*** Begin section ***
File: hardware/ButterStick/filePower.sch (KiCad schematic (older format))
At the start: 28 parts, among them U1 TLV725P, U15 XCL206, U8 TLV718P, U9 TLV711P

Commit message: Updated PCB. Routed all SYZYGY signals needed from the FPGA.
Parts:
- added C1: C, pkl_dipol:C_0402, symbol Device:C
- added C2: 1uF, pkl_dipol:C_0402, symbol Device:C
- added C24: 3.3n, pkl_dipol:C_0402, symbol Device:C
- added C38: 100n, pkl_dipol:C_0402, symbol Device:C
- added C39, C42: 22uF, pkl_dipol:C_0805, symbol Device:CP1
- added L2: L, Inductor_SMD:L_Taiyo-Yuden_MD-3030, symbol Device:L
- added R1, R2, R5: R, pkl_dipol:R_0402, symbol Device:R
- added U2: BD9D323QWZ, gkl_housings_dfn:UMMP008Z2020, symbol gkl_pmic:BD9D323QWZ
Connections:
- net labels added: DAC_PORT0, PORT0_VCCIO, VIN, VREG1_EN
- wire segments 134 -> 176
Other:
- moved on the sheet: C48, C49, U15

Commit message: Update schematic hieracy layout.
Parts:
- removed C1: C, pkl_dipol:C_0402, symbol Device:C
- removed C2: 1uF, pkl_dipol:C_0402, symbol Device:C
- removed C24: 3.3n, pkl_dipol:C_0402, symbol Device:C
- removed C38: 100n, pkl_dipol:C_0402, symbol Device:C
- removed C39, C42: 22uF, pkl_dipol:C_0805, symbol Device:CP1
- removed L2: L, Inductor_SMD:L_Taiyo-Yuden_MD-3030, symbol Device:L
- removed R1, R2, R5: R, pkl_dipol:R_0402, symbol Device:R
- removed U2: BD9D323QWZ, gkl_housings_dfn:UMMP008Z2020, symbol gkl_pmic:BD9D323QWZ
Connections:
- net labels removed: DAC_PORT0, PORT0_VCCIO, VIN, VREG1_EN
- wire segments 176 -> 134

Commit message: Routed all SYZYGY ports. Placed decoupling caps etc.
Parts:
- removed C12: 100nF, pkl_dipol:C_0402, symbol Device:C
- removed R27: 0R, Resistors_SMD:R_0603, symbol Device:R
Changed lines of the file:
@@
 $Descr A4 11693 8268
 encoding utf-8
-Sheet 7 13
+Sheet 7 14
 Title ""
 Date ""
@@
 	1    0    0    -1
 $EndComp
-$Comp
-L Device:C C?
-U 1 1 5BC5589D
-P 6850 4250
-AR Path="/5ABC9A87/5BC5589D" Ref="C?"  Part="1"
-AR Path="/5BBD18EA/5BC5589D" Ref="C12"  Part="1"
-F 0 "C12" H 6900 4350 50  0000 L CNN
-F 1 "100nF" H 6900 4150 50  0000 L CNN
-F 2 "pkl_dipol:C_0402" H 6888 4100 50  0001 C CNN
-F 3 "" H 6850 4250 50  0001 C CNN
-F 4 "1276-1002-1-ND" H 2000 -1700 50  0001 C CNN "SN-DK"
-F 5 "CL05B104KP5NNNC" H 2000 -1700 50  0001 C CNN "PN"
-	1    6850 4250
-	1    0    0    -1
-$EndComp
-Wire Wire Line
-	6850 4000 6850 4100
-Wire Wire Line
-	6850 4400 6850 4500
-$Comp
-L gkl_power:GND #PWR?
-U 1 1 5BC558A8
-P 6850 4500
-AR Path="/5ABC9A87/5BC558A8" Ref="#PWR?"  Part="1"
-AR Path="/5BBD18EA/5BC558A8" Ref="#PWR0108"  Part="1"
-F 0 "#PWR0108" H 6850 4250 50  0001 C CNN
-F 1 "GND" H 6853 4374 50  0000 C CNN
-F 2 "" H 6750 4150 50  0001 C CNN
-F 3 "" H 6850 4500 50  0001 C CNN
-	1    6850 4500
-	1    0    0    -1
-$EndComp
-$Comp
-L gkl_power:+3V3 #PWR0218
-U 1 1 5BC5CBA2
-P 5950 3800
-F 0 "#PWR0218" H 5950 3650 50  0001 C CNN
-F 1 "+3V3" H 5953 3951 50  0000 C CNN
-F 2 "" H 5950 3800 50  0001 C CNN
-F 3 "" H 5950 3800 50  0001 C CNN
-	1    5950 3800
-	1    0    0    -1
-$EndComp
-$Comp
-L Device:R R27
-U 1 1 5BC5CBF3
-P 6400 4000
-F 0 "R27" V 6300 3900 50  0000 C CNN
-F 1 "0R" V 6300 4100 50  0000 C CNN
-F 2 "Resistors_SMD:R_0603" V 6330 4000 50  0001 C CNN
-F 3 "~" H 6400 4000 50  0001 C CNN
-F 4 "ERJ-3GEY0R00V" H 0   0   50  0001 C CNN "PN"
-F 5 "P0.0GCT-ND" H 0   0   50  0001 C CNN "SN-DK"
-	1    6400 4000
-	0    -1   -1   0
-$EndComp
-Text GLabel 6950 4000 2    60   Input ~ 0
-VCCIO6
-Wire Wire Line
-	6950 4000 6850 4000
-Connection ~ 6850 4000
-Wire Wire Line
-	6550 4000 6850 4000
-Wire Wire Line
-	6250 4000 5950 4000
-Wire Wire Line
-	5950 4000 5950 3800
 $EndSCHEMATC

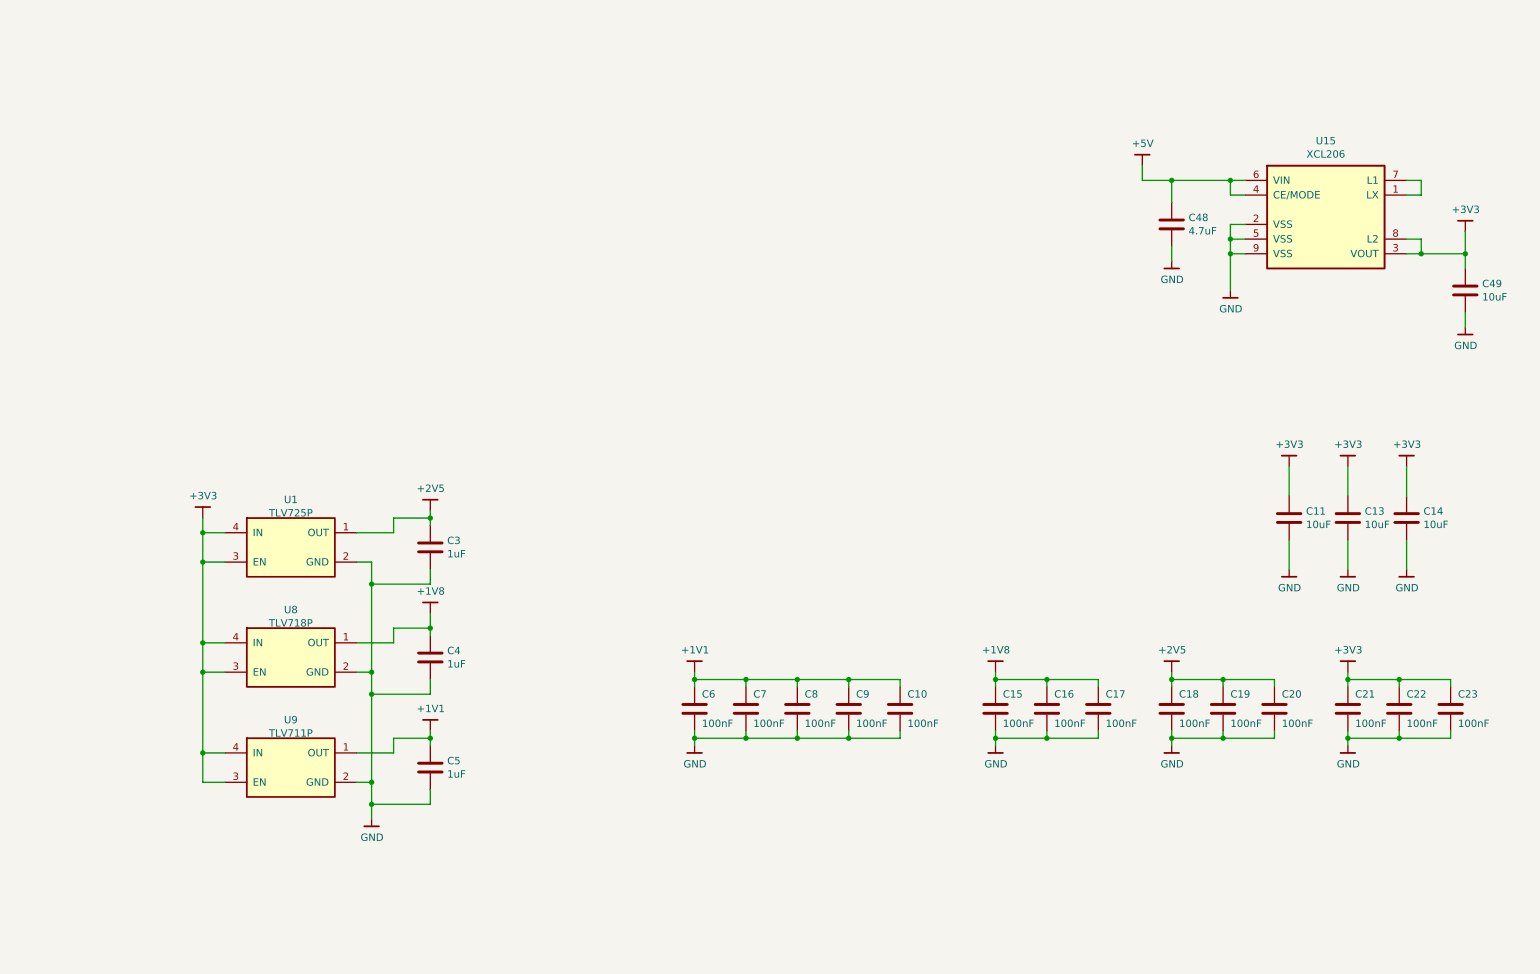
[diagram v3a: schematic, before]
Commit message: Added ESD on SD card signals.
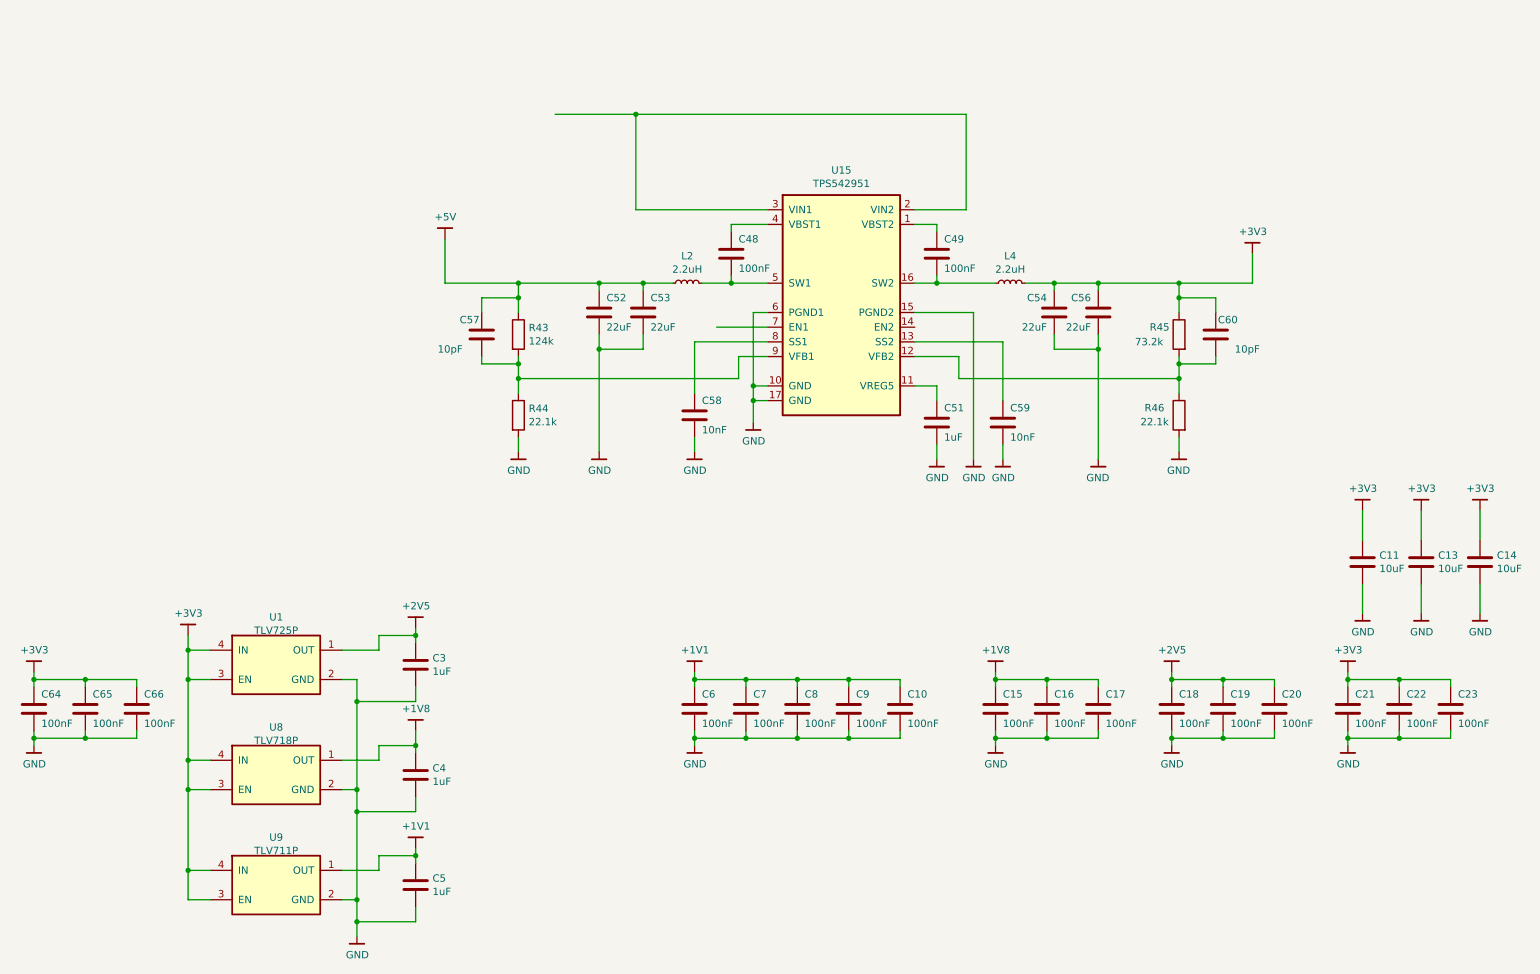
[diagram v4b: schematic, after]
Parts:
- removed U15: XCL206, bosonFrameGrabber:CL-2025, symbol gkl_pmic:XCL206
- added C51: 1uF, pkl_dipol:C_0402, symbol Device:C
- added C52, C53, C54, C56: 22uF, pkl_dipol:C_0805, symbol Device:C
- added C57, C60: 10pF, pkl_dipol:C_0402, symbol Device:C
- added C58, C59: 10nF, pkl_dipol:C_0402, symbol Device:C
- added C64, C65, C66: 100nF, pkl_dipol:C_0402, symbol Device:C
- added L2, L4: 2.2uH, Inductor_SMD:L_Taiyo-Yuden_MD-5050, symbol Device:L_Small
- added R43: 124k, pkl_dipol:R_0402, symbol Device:R
- added R44, R46: 22.1k, pkl_dipol:R_0402, symbol Device:R
- added R45: 73.2k, pkl_dipol:R_0402, symbol Device:R
- added U15: TPS542951, Package_DFN_QFN:QFN-16-1EP_4x4mm_P0.65mm_EP2.7x2.7mm_ThermalVias, symbol gkl_pmic:TPS542951
- C48: value 4.7uF -> 100nF; footprint pkl_dipol:C_0603 -> pkl_dipol:C_0402; PN CL10A475KP8NNNC -> CL05B104KP5NNNC; SN-DK 1276-1044-1-ND -> 1276-1002-1-ND
- C49: value 10uF -> 100nF; footprint pkl_dipol:C_0603 -> pkl_dipol:C_0402; PN C1608X5R1A106K080AC -> CL05B104KP5NNNC; SN-DK 445-7486-1-ND -> 1276-1002-1-ND
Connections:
- net +3V3: now also C54.1, C56.1, C60.1, C64.1, C65.1, C66.1, L4.2, R45.1; no longer C49.1
- net +5V: now also C52.1, C53.1, C57.1, L2.1, R43.1; no longer C48.1
- net GND: now also C51.2, C52.2, C53.2, C54.2, C56.2, C58.2, C59.2, C64.2, C65.2, C66.2, R44.2, R46.2, U15.10 (GND), U15.15 (PGND2), U15.17 (GND), U15.6 (PGND1); no longer C48.2, C49.2
- new net: C49.1, U15.1 (VBST2)
- new net: C51.1, U15.11 (VREG5)
- new net: C60.2, R45.2, R46.1, U15.12 (VFB2)
- new net: C59.1, U15.13 (SS2)
- new net: C49.2, L4.1, U15.16 (SW2)
- new net: U15.2 (VIN2), U15.3 (VIN1)
- new net: C48.1, U15.4 (VBST1)
- new net: C48.2, L2.2, U15.5 (SW1)
- new net: C58.1, U15.8 (SS1)
- new net: C57.2, R43.2, R44.1, U15.9 (VFB1)
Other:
- moved on the sheet: C11, C13, C14, C3, C4, C5, U1, U8, U9

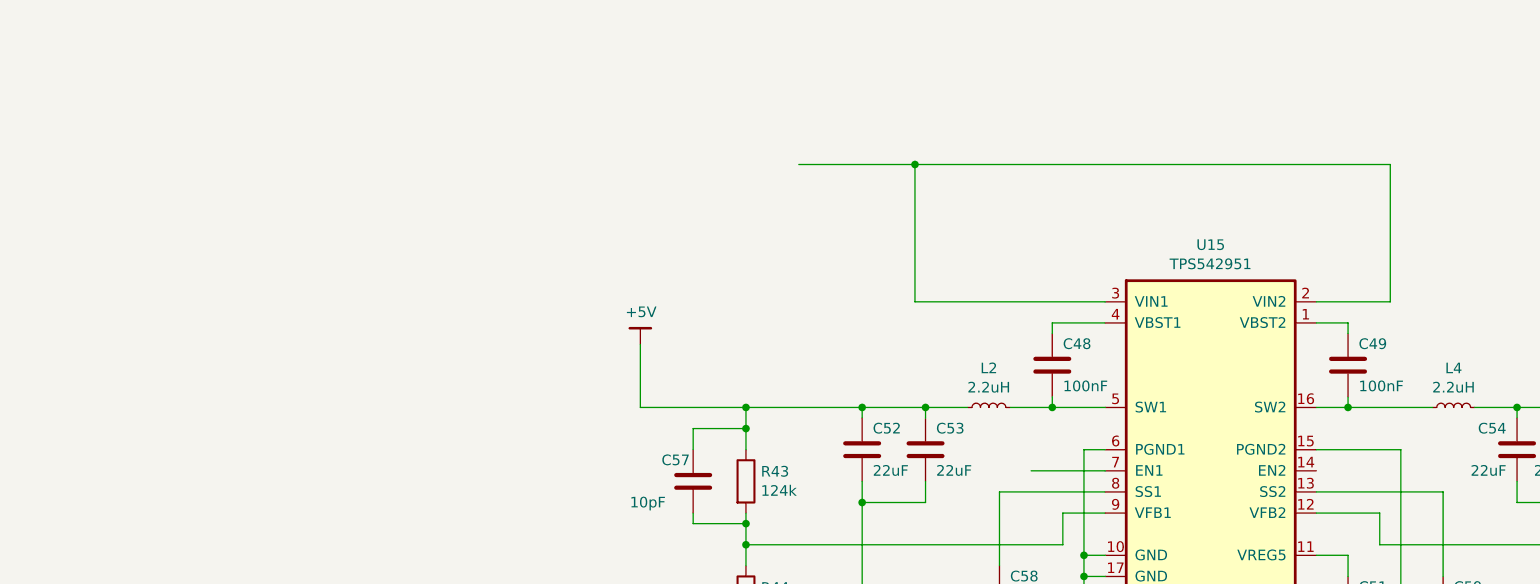
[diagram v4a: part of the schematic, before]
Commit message: Finished initial routing of PCB.. Most parts are finished.
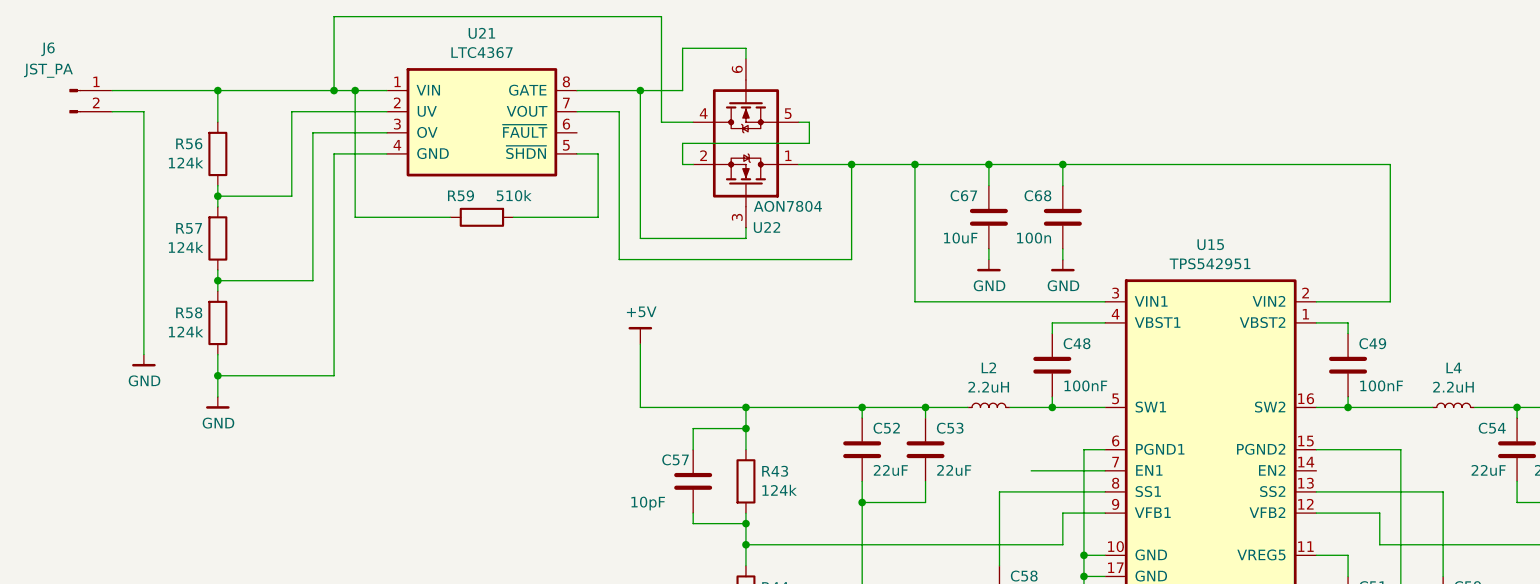
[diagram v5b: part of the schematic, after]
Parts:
- added C67: 10uF, pkl_dipol:C_0805, symbol Device:C
- added C68: 100n, pkl_dipol:C_0603, symbol Device:C
- added J6: JST_PA, symbol Connector:Conn_01x02_Male
- added R56, R57, R58: 124k, pkl_dipol:R_0402, symbol Device:R
- added R59: 510k, pkl_dipol:R_0402, symbol Device:R
- added U21: LTC4367, Package_SO:MSOP-8_3x3mm_P0.65mm, symbol gkl_pmic:LTC4367
- added U22: AON7804, gkl_housings_dfn:DFN3X3_8L_EP2_P, symbol gkl_mosfet:AON7804
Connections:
- net GND: now also C67.2, C68.2, J6.2 (Pin_2), R58.1, U21.4 (GND)
- net at U15.2 (VIN2), U15.3 (VIN1): now also C67.1, C68.1, U21.7 (VOUT), U22.1 (D)
- new net: J6.1 (Pin_1), R56.2, R59.1, U21.1 (VIN), U22.4 (D)
- new net: R56.1, R57.2, U21.2 (UV)
- new net: R57.1, R58.2, U21.3 (OV)
- new net: R59.2, U21.5 (~SHDN)
- new net: U21.8 (GATE), U22.3 (G), U22.6 (G)
- new net: U22.2 (S), U22.5 (S)

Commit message: Update KiCad PCB.
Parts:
- added C69, C70: 10uF, pkl_dipol:C_0805, symbol Device:C
- added R61, R62: 10k, pkl_dipol:R_0402, symbol Device:R
- J6: footprint (none) -> gkl_conn:SB02B-PASK-2
- L2, L4: MFG (none) -> Taiyo Yuden; PN (none) -> NR5040T2R2N
- U15: MFG (none) -> Texas Instruments; PN (none) -> TPS542951RSAR
- U21: MFG (none) -> Linear Technology/Analog Devices; PN (none) -> LTC4367IMS8-1#PBF
- U22: MFG (none) -> Alpha & Omega Semiconductor Inc.; PN (none) -> AON7804
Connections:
- net GND: now also C69.2, C70.2
- net EN2: now reaches U15.14 (EN2)
- net EN2: now also R62.1
- net at C67.1, C68.1, U15.2 (VIN2)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: now also C69.1, C70.1, R61.2, R62.2
- net EN1: now reaches U15.7 (EN1)
- net EN1: now also R61.1
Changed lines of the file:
@@
 F 2 "Package_DFN_QFN:QFN-16-1EP_4x4mm_P0.65mm_EP2.7x2.7mm_ThermalVias" H 6350 2850 50  0001 C CNN
 F 3 "" H 6350 2850 50  0001 C CNN
+F 4 "Texas Instruments" H 6350 2400 50  0001 C CNN "MFG"
+F 5 "TPS542951RSAR" H 6350 2400 50  0001 C CNN "PN"
 	1    6350 2400
 	1    0    0    -1
@@
 	7200 2100 7200 1450
 Wire Wire Line
-	7200 1450 5650 1450
+	7200 1450 7000 1450
 Connection ~ 4950 1450
 $Comp
@@
 F 2 "Inductor_SMD:L_Taiyo-Yuden_MD-5050" H 5300 2600 50  0001 C CNN
 F 3 "~" H 5300 2600 50  0001 C CNN
+F 4 "Taiyo Yuden" H 0   0   50  0001 C CNN "MFG"
+F 5 "NR5040T2R2N" H 0   0   50  0001 C CNN "PN"
 	1    5300 2600
 	0    -1   -1   0
@@
 F 2 "Inductor_SMD:L_Taiyo-Yuden_MD-5050" H 7500 2600 50  0001 C CNN
 F 3 "~" H 7500 2600 50  0001 C CNN
+F 4 "Taiyo Yuden" H 0   0   50  0001 C CNN "MFG"
+F 5 "NR5040T2R2N" H 0   0   50  0001 C CNN "PN"
 	1    7500 2600
 	0    -1   -1   0
@@
 F 2 "Package_SO:MSOP-8_3x3mm_P0.65mm" H 2900 1550 50  0001 C CNN
 F 3 "" H 2900 1550 50  0001 C CNN
+F 4 "Linear Technology/Analog Devices" H 2900 1250 50  0001 C CNN "MFG"
+F 5 "LTC4367IMS8-1#PBF" H 2900 1250 50  0001 C CNN "PN"
 	1    2900 1250
 	1    0    0    -1
@@
 F 0 "J6" H 850 1300 50  0000 C CNN
 F 1 "JST_PA" H 850 1200 50  0000 C CNN
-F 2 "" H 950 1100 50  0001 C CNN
*** End section ***
#### TASK DETAILS:
Please, from the material above, copy only the lines from the line with "- removed U2: BD9D323QWZ, gkl_housings_dfn:UMMP008Z2020, symbol" up to and including the line with "H 6900 4150", exactly as written.

#### WRITTEN RESPONSE:
- removed U2: BD9D323QWZ, gkl_housings_dfn:UMMP008Z2020, symbol gkl_pmic:BD9D323QWZ
Connections:
- net labels removed: DAC_PORT0, PORT0_VCCIO, VIN, VREG1_EN
- wire segments 176 -> 134

Commit message: Routed all SYZYGY ports. Placed decoupling caps etc.
Parts:
- removed C12: 100nF, pkl_dipol:C_0402, symbol Device:C
- removed R27: 0R, Resistors_SMD:R_0603, symbol Device:R
Changed lines of the file:
@@
 $Descr A4 11693 8268
 encoding utf-8
-Sheet 7 13
+Sheet 7 14
 Title ""
 Date ""
@@
 	1    0    0    -1
 $EndComp
-$Comp
-L Device:C C?
-U 1 1 5BC5589D
-P 6850 4250
-AR Path="/5ABC9A87/5BC5589D" Ref="C?"  Part="1"
-AR Path="/5BBD18EA/5BC5589D" Ref="C12"  Part="1"
-F 0 "C12" H 6900 4350 50  0000 L CNN
-F 1 "100nF" H 6900 4150 50  0000 L CNN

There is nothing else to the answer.